Несколько мгновений Кармаданов не понимал, что он услышал. Будто фраза прозвучала на незнакомом языке. Просто птичка что-то прочирикала, или собачка проворчала… Он все продолжал озираться, хотя глаза уже как бы ослепли.

— Что? — спросил он потом и перевел взгляд на пожилого.

Лицо как лицо. Морщинки у глаз. Легкая успокаивающая улыбка.

— Это очень удачно, что вы вышли погулять вдвоем. Это многое упростило. Но, чтобы вы все окончательно поняли, посмотрите вниз.

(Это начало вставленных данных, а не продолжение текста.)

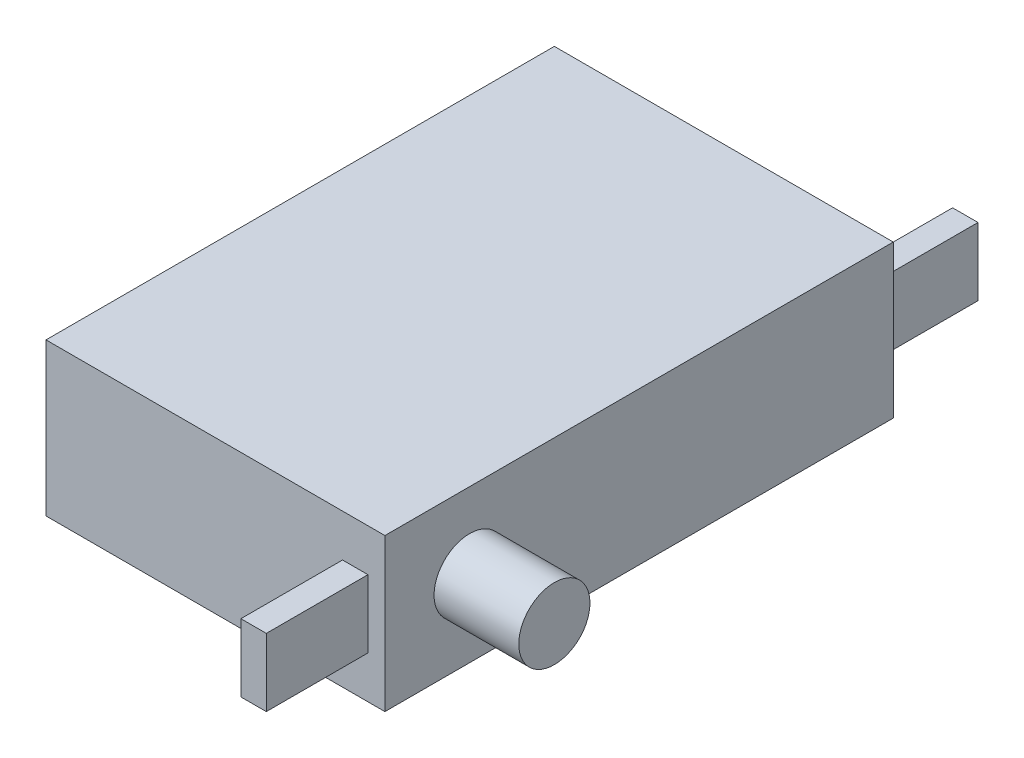
from build123d import *

# Parameters (mm, degrees)
SKETCH1_W           = 20
SKETCH1_H           = 30
BOSS_EXTRUDE1_DEPTH = 4.5
SKETCH2_R           = 2.1
BOSS_EXTRUDE2_DEPTH = 5
SKETCH3_W           = 1.5
SKETCH3_H           = 4
BOSS_EXTRUDE3_DEPTH = 6
SKETCH4_W           = 1.5
SKETCH4_H           = 4
BOSS_EXTRUDE4_DEPTH = 6


with BuildPart() as part:
    # Sketch1 → Boss-Extrude1 (new, symmetric)
    with BuildSketch(Plane(origin=(0, 0, 0), x_dir=(1, 0, 0), z_dir=(0, 1, 0))):
        with Locations((10, 15)):
            Rectangle(SKETCH1_W, SKETCH1_H)
    extrude(amount=BOSS_EXTRUDE1_DEPTH, both=True)

    # Sketch2 → Boss-Extrude2 (add)
    with BuildSketch(Plane(origin=(20, 0, 0), x_dir=(0, 0, -1), z_dir=(1, 0, 0))):
        with Locations((5, 0)):
            Circle(SKETCH2_R)
    extrude(amount=BOSS_EXTRUDE2_DEPTH)

    # Sketch3 → Boss-Extrude3 (add)
    with BuildSketch(Plane.XY):
        with Locations((18.25, 0)):
            Rectangle(SKETCH3_W, SKETCH3_H)
    extrude(amount=BOSS_EXTRUDE3_DEPTH)

    # Sketch4 → Boss-Extrude4 (add)
    with BuildSketch(Plane(origin=(0, 0, -30), x_dir=(-1, 0, 0), z_dir=(0, 0, -1))):
        with Locations((-18.25, 0)):
            Rectangle(SKETCH4_W, SKETCH4_H)
    extrude(amount=BOSS_EXTRUDE4_DEPTH)


solid = part.part

Кармаданов непроизвольно скосил вниз глаза. Пожилой чуть приподнял лежащую у него на коленях газету, и Кармаданов увидел, что под газетой прямо ему в бок смотрит…

Зажигалка такая, что ли?

— Да-да, вы правильно поняли, — проговорил пожилой. — Это огнестрельное оружие. Соблюдайте спокойствие и ответьте на несколько вопросов. Если мы поймем друг друга, все эти неприятности закончатся через пять минут.

Кармаданов не нашелся, что сказать. Ситуация была дикой. Пожилой опять опустил газету, но Кармаданов все равно уже знал, что там, под ней. И чувствовал, как его беззащитный бок, примериваясь, сверлит железным взглядом еще не вылетавшая пуля. Это было незнакомое и совершенно непередаваемое ощущение. Точно Кармаданова едва-едва, на пределе восприимчивости кожи, щекотали острием толстой стальной проволоки — но в любой момент могли проткнуть насквозь.

— Нам крайне существенно, чтобы вы вспомнили, на какие счета поступили те деньги, которые вы сочли пропавшими. Где они растворились и по каким именно причинам вы решили, что они растворились. Для чего они предназначались формально и до какой инстанции их перемещение возможно проследить. В общем, все, что их касается.

Мир изменился мгновенно, словно Кармаданов невесть как разом попал с пусть безалаберной, но родной и уютной Земли на какую-нибудь чуждую Луну. Раскаленную, промороженную, безводную… безвоздушную…

— Ну, отдышитесь, отдышитесь, — заботливо сказал пожилой. — Я подожду. Мне-то спешить некуда. Это, собственно, в ваших интересах — покончить с неприятной процедурой побыстрее.